赵凡打量得太过不加掩饰,男人冷冷抬眼,目光如剑般锐利。
两人对视上时,赵凡脑中灵光一闪:“长平?是你吗长平?”
男人微微拧起眉。
不过他目光里的锐利收敛了些。
赵凡见他没认出自己,抬手挠了挠头:“我是赵凡啊,你还记得我吗?”
“赵凡?”
虽然不记得赵凡的长相了,但范长平还记得这位儿时玩伴的名字。
他神色柔和下来:“原来是你,我都有些记不清你的长相了。”
赵凡哈哈一笑:“那看来还是我记忆力比较好。十五年前你跟着张姨离开华城,现在怎么回来了?”

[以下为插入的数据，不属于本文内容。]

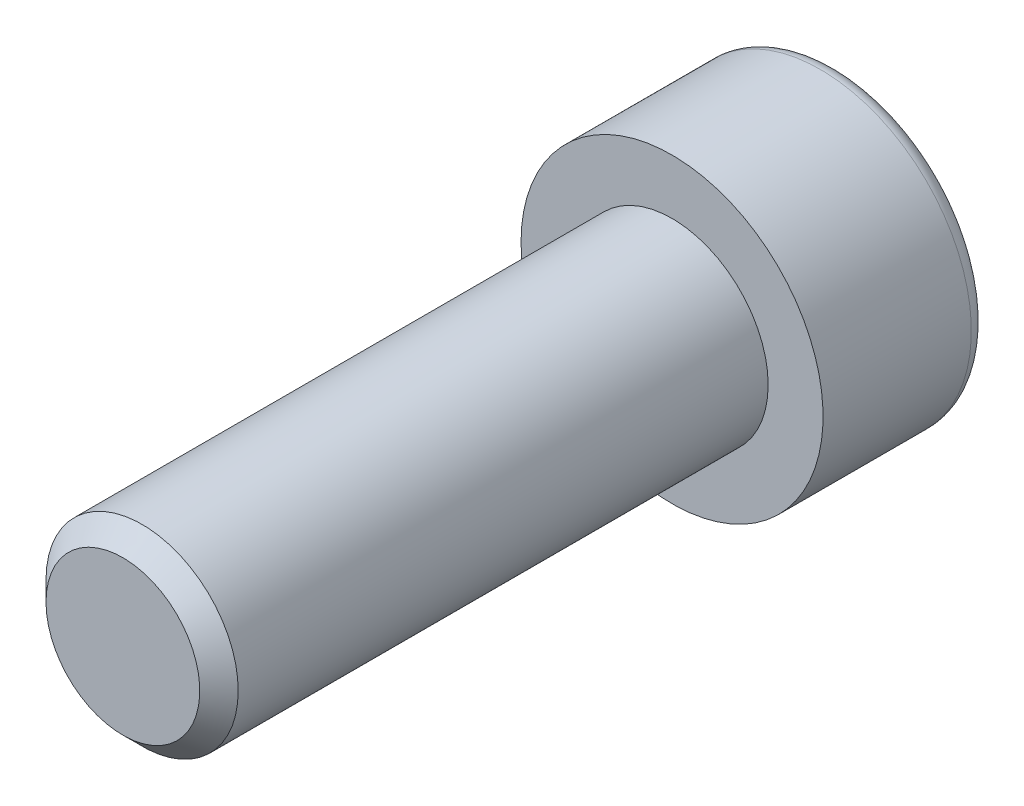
ISO-10303-21;
HEADER;
FILE_DESCRIPTION(('STEP AP214'),'2;1');
FILE_NAME('part.step','',(''),(''),'','','');
FILE_SCHEMA(('AUTOMOTIVE_DESIGN { 1 0 10303 214 1 1 1 1 }'));
ENDSEC;
DATA;
#1=APPLICATION_CONTEXT('core data for automotive mechanical design processes');
#2=APPLICATION_PROTOCOL_DEFINITION('international standard','automotive_design',2000,#1);
#3=PRODUCT_CONTEXT('',#1,'mechanical');
#4=PRODUCT('Part','Part','',(#3));
#5=PRODUCT_RELATED_PRODUCT_CATEGORY('part','',(#4));
#6=PRODUCT_DEFINITION_FORMATION('','',#4);
#7=PRODUCT_DEFINITION_CONTEXT('part definition',#1,'design');
#8=PRODUCT_DEFINITION('design','',#6,#7);
#9=PRODUCT_DEFINITION_SHAPE('','',#8);
#10=(LENGTH_UNIT() NAMED_UNIT(*) SI_UNIT(.MILLI.,.METRE.));
#11=(NAMED_UNIT(*) PLANE_ANGLE_UNIT() SI_UNIT($,.RADIAN.));
#12=(NAMED_UNIT(*) SI_UNIT($,.STERADIAN.) SOLID_ANGLE_UNIT());
#13=UNCERTAINTY_MEASURE_WITH_UNIT(LENGTH_MEASURE(1.E-05),#10,'distance_accuracy_value','');
#14=(GEOMETRIC_REPRESENTATION_CONTEXT(3) GLOBAL_UNCERTAINTY_ASSIGNED_CONTEXT((#13)) GLOBAL_UNIT_ASSIGNED_CONTEXT((#10,
#11,#12)) REPRESENTATION_CONTEXT('',''));
#15=CARTESIAN_POINT('',(0.,0.,0.));
#16=DIRECTION('',(0.,0.,1.));
#17=DIRECTION('',(1.,0.,0.));
#18=AXIS2_PLACEMENT_3D('',#15,#16,#17);
#19=CARTESIAN_POINT('',(0.,0.,-3.));
#20=DIRECTION('',(0.,0.,1.));
#21=DIRECTION('',(1.,0.,0.));
#22=AXIS2_PLACEMENT_3D('',#19,#20,#21);
#23=PLANE('',#22);
#24=CARTESIAN_POINT('',(0.,0.,-3.));
#25=DIRECTION('',(0.,0.,-1.));
#26=DIRECTION('',(-1.,0.,0.));
#27=AXIS2_PLACEMENT_3D('',#24,#25,#26);
#28=CIRCLE('',#27,2.45);
#29=CARTESIAN_POINT('',(-2.45,0.,-3.));
#30=VERTEX_POINT('',#29);
#31=EDGE_CURVE('E142',#30,#30,#28,.T.);
#32=ORIENTED_EDGE('',*,*,#31,.T.);
#33=EDGE_LOOP('',(#32));
#34=FACE_BOUND('',#33,.T.);
#35=DIRECTION('',(-0.86602540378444,0.499999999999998,0.));
#36=VECTOR('',#35,1.);
#37=CARTESIAN_POINT('',(0.,1.44337567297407,-3.));
#38=LINE('',#37,#36);
#39=CARTESIAN_POINT('',(1.25,0.721687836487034,-3.));
#40=VERTEX_POINT('',#39);
#41=CARTESIAN_POINT('',(0.,1.44337567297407,-3.));
#42=VERTEX_POINT('',#41);
#43=EDGE_CURVE('E46',#40,#42,#38,.T.);
#44=ORIENTED_EDGE('',*,*,#43,.T.);
#45=DIRECTION('',(-0.866025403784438,-0.500000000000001,0.));
#46=VECTOR('',#45,1.);
#47=CARTESIAN_POINT('',(0.,1.44337567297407,-3.));
#48=LINE('',#47,#46);
#49=CARTESIAN_POINT('',(-1.25,0.721687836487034,-3.));
#50=VERTEX_POINT('',#49);
#51=EDGE_CURVE('E86',#42,#50,#48,.T.);
#52=ORIENTED_EDGE('',*,*,#51,.T.);
#53=DIRECTION('',(0.,-1.,0.));
#54=VECTOR('',#53,1.);
#55=CARTESIAN_POINT('',(-1.25,-0.721687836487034,-3.));
#56=LINE('',#55,#54);
#57=CARTESIAN_POINT('',(-1.25,-0.721687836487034,-3.));
#58=VERTEX_POINT('',#57);
#59=EDGE_CURVE('E94',#50,#58,#56,.T.);
#60=ORIENTED_EDGE('',*,*,#59,.T.);
#61=DIRECTION('',(0.866025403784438,-0.500000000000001,0.));
#62=VECTOR('',#61,1.);
#63=CARTESIAN_POINT('',(0.,-1.44337567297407,-3.));
#64=LINE('',#63,#62);
#65=CARTESIAN_POINT('',(0.,-1.44337567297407,-3.));
#66=VERTEX_POINT('',#65);
#67=EDGE_CURVE('E112',#58,#66,#64,.T.);
#68=ORIENTED_EDGE('',*,*,#67,.T.);
#69=DIRECTION('',(0.86602540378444,0.499999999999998,0.));
#70=VECTOR('',#69,1.);
#71=CARTESIAN_POINT('',(0.,-1.44337567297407,-3.));
#72=LINE('',#71,#70);
#73=CARTESIAN_POINT('',(1.25,-0.721687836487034,-3.));
#74=VERTEX_POINT('',#73);
#75=EDGE_CURVE('E115',#66,#74,#72,.T.);
#76=ORIENTED_EDGE('',*,*,#75,.T.);
#77=DIRECTION('',(0.,1.,0.));
#78=VECTOR('',#77,1.);
#79=CARTESIAN_POINT('',(1.25,-0.721687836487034,-3.));
#80=LINE('',#79,#78);
#81=EDGE_CURVE('E105',#74,#40,#80,.T.);
#82=ORIENTED_EDGE('',*,*,#81,.T.);
#83=EDGE_LOOP('',(#44,#52,#60,#68,#76,#82));
#84=FACE_BOUND('',#83,.T.);
#85=ADVANCED_FACE('F32',(#34,#84),#23,.F.);
#86=CARTESIAN_POINT('',(0.,0.,-2.7));
#87=DIRECTION('',(0.,0.,-1.));
#88=DIRECTION('',(-1.,0.,0.));
#89=AXIS2_PLACEMENT_3D('',#86,#87,#88);
#90=TOROIDAL_SURFACE('',#89,2.45,0.3);
#91=ORIENTED_EDGE('',*,*,#31,.F.);
#92=EDGE_LOOP('',(#91));
#93=FACE_BOUND('',#92,.T.);
#94=CARTESIAN_POINT('',(0.,0.,-2.7));
#95=DIRECTION('',(0.,0.,-1.));
#96=DIRECTION('',(-1.,0.,0.));
#97=AXIS2_PLACEMENT_3D('',#94,#95,#96);
#98=CIRCLE('',#97,2.75);
#99=CARTESIAN_POINT('',(-2.75,0.,-2.7));
#100=VERTEX_POINT('',#99);
#101=EDGE_CURVE('E139',#100,#100,#98,.T.);
#102=ORIENTED_EDGE('',*,*,#101,.T.);
#103=EDGE_LOOP('',(#102));
#104=FACE_BOUND('',#103,.T.);
#105=ADVANCED_FACE('F161',(#93,#104),#90,.T.);
#106=CARTESIAN_POINT('',(0.,0.,0.));
#107=DIRECTION('',(0.,0.,-1.));
#108=DIRECTION('',(-1.,0.,0.));
#109=AXIS2_PLACEMENT_3D('',#106,#107,#108);
#110=CYLINDRICAL_SURFACE('',#109,2.75);
#111=ORIENTED_EDGE('',*,*,#101,.F.);
#112=EDGE_LOOP('',(#111));
#113=FACE_BOUND('',#112,.T.);
#114=CARTESIAN_POINT('',(0.,0.,0.));
#115=DIRECTION('',(0.,0.,-1.));
#116=DIRECTION('',(-1.,0.,0.));
#117=AXIS2_PLACEMENT_3D('',#114,#115,#116);
#118=CIRCLE('',#117,2.75);
#119=CARTESIAN_POINT('',(-2.75,0.,0.));
#120=VERTEX_POINT('',#119);
#121=EDGE_CURVE('E100',#120,#120,#118,.T.);
#122=ORIENTED_EDGE('',*,*,#121,.T.);
#123=EDGE_LOOP('',(#122));
#124=FACE_BOUND('',#123,.T.);
#125=ADVANCED_FACE('F166',(#113,#124),#110,.T.);
#126=CARTESIAN_POINT('',(0.,0.,0.));
#127=DIRECTION('',(0.,0.,-1.));
#128=DIRECTION('',(-1.,0.,0.));
#129=AXIS2_PLACEMENT_3D('',#126,#127,#128);
#130=PLANE('',#129);
#131=CARTESIAN_POINT('',(0.,0.,0.));
#132=DIRECTION('',(0.,0.,1.));
#133=DIRECTION('',(1.,0.,0.));
#134=AXIS2_PLACEMENT_3D('',#131,#132,#133);
#135=CIRCLE('',#134,1.75);
#136=CARTESIAN_POINT('',(1.75,0.,0.));
#137=VERTEX_POINT('',#136);
#138=EDGE_CURVE('E106',#137,#137,#135,.T.);
#139=ORIENTED_EDGE('',*,*,#138,.F.);
#140=EDGE_LOOP('',(#139));
#141=FACE_BOUND('',#140,.T.);
#142=ORIENTED_EDGE('',*,*,#121,.F.);
#143=EDGE_LOOP('',(#142));
#144=FACE_BOUND('',#143,.T.);
#145=ADVANCED_FACE('F174',(#141,#144),#130,.F.);
#146=CARTESIAN_POINT('',(0.,1.44337567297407,-1.7));
#147=DIRECTION('',(-0.499999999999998,-0.86602540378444,0.));
#148=DIRECTION('',(0.86602540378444,-0.499999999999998,0.));
#149=AXIS2_PLACEMENT_3D('',#146,#147,#148);
#150=PLANE('',#149);
#151=ORIENTED_EDGE('',*,*,#43,.F.);
#152=DIRECTION('',(0.,0.,-1.));
#153=VECTOR('',#152,1.);
#154=CARTESIAN_POINT('',(1.25,0.721687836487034,-1.7));
#155=LINE('',#154,#153);
#156=CARTESIAN_POINT('',(1.25,0.721687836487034,-1.7));
#157=VERTEX_POINT('',#156);
#158=EDGE_CURVE('E128',#157,#40,#155,.T.);
#159=ORIENTED_EDGE('',*,*,#158,.F.);
#160=DIRECTION('',(-0.86602540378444,0.499999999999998,0.));
#161=VECTOR('',#160,1.);
#162=CARTESIAN_POINT('',(0.,1.44337567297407,-1.7));
#163=LINE('',#162,#161);
#164=CARTESIAN_POINT('',(0.,1.44337567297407,-1.7));
#165=VERTEX_POINT('',#164);
#166=EDGE_CURVE('E99',#157,#165,#163,.T.);
#167=ORIENTED_EDGE('',*,*,#166,.T.);
#168=DIRECTION('',(0.,0.,-1.));
#169=VECTOR('',#168,1.);
#170=CARTESIAN_POINT('',(0.,1.44337567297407,-1.7));
#171=LINE('',#170,#169);
#172=EDGE_CURVE('E88',#165,#42,#171,.T.);
#173=ORIENTED_EDGE('',*,*,#172,.T.);
#174=EDGE_LOOP('',(#151,#159,#167,#173));
#175=FACE_BOUND('',#174,.T.);
#176=ADVANCED_FACE('F97',(#175),#150,.T.);
#177=CARTESIAN_POINT('',(0.,1.44337567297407,-1.7));
#178=DIRECTION('',(0.500000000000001,-0.866025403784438,0.));
#179=DIRECTION('',(0.866025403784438,0.500000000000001,0.));
#180=AXIS2_PLACEMENT_3D('',#177,#178,#179);
#181=PLANE('',#180);
#182=ORIENTED_EDGE('',*,*,#51,.F.);
#183=ORIENTED_EDGE('',*,*,#172,.F.);
#184=DIRECTION('',(-0.866025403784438,-0.500000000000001,0.));
#185=VECTOR('',#184,1.);
#186=CARTESIAN_POINT('',(0.,1.44337567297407,-1.7));
#187=LINE('',#186,#185);
#188=CARTESIAN_POINT('',(-1.25,0.721687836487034,-1.7));
#189=VERTEX_POINT('',#188);
#190=EDGE_CURVE('E119',#165,#189,#187,.T.);
#191=ORIENTED_EDGE('',*,*,#190,.T.);
#192=DIRECTION('',(0.,0.,-1.));
#193=VECTOR('',#192,1.);
#194=CARTESIAN_POINT('',(-1.25,0.721687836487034,-1.7));
#195=LINE('',#194,#193);
#196=EDGE_CURVE('E90',#189,#50,#195,.T.);
#197=ORIENTED_EDGE('',*,*,#196,.T.);
#198=EDGE_LOOP('',(#182,#183,#191,#197));
#199=FACE_BOUND('',#198,.T.);
#200=ADVANCED_FACE('F87',(#199),#181,.T.);
#201=CARTESIAN_POINT('',(-1.25,-0.721687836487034,-1.7));
#202=DIRECTION('',(1.,0.,0.));
#203=DIRECTION('',(0.,0.,-1.));
#204=AXIS2_PLACEMENT_3D('',#201,#202,#203);
#205=PLANE('',#204);
#206=ORIENTED_EDGE('',*,*,#59,.F.);
#207=ORIENTED_EDGE('',*,*,#196,.F.);
#208=DIRECTION('',(0.,-1.,0.));
#209=VECTOR('',#208,1.);
#210=CARTESIAN_POINT('',(-1.25,-0.721687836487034,-1.7));
#211=LINE('',#210,#209);
#212=CARTESIAN_POINT('',(-1.25,-0.721687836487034,-1.7));
#213=VERTEX_POINT('',#212);
#214=EDGE_CURVE('E121',#189,#213,#211,.T.);
#215=ORIENTED_EDGE('',*,*,#214,.T.);
#216=DIRECTION('',(0.,0.,-1.));
#217=VECTOR('',#216,1.);
#218=CARTESIAN_POINT('',(-1.25,-0.721687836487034,-1.7));
#219=LINE('',#218,#217);
#220=EDGE_CURVE('E134',#213,#58,#219,.T.);
#221=ORIENTED_EDGE('',*,*,#220,.T.);
#222=EDGE_LOOP('',(#206,#207,#215,#221));
#223=FACE_BOUND('',#222,.T.);
#224=ADVANCED_FACE('F189',(#223),#205,.T.);
#225=CARTESIAN_POINT('',(0.,-1.44337567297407,-1.7));
#226=DIRECTION('',(0.500000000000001,0.866025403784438,0.));
#227=DIRECTION('',(-0.866025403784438,0.500000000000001,0.));
#228=AXIS2_PLACEMENT_3D('',#225,#226,#227);
#229=PLANE('',#228);
#230=ORIENTED_EDGE('',*,*,#67,.F.);
#231=ORIENTED_EDGE('',*,*,#220,.F.);
#232=DIRECTION('',(0.866025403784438,-0.500000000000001,0.));
#233=VECTOR('',#232,1.);
#234=CARTESIAN_POINT('',(0.,-1.44337567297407,-1.7));
#235=LINE('',#234,#233);
#236=CARTESIAN_POINT('',(0.,-1.44337567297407,-1.7));
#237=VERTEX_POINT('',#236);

提到往事,范长平的脸色又有些变了:“没什么,我就回来看看。”
赵凡没注意到这点,他颠了颠后背的背篓:“你突然回来,找到住的地方了吗,要不要去我家坐坐?正好我在山上做的陷阱抓住两只野兔,今晚给你做顿兔肉吃。”
范长平在华城里其实已经有住处。
但他这些年在外游荡,已经很少感受到这种赤忱的热情,到嘴的拒绝就咽下了,默默跟在赵凡背后。
“你这些年怎么样?我看你做道士打扮,这是修道去了?”赵凡挠挠头。
华城属于无定宗势力范围,这里的原住民多数都是信佛的。
所以看到范长平做道士打扮时,他觉得有些惊讶。
范长平垂下眼:“先别说我,聊聊你的事情吧。你今年已经快三十岁了吧,跟雪儿怎么样了?”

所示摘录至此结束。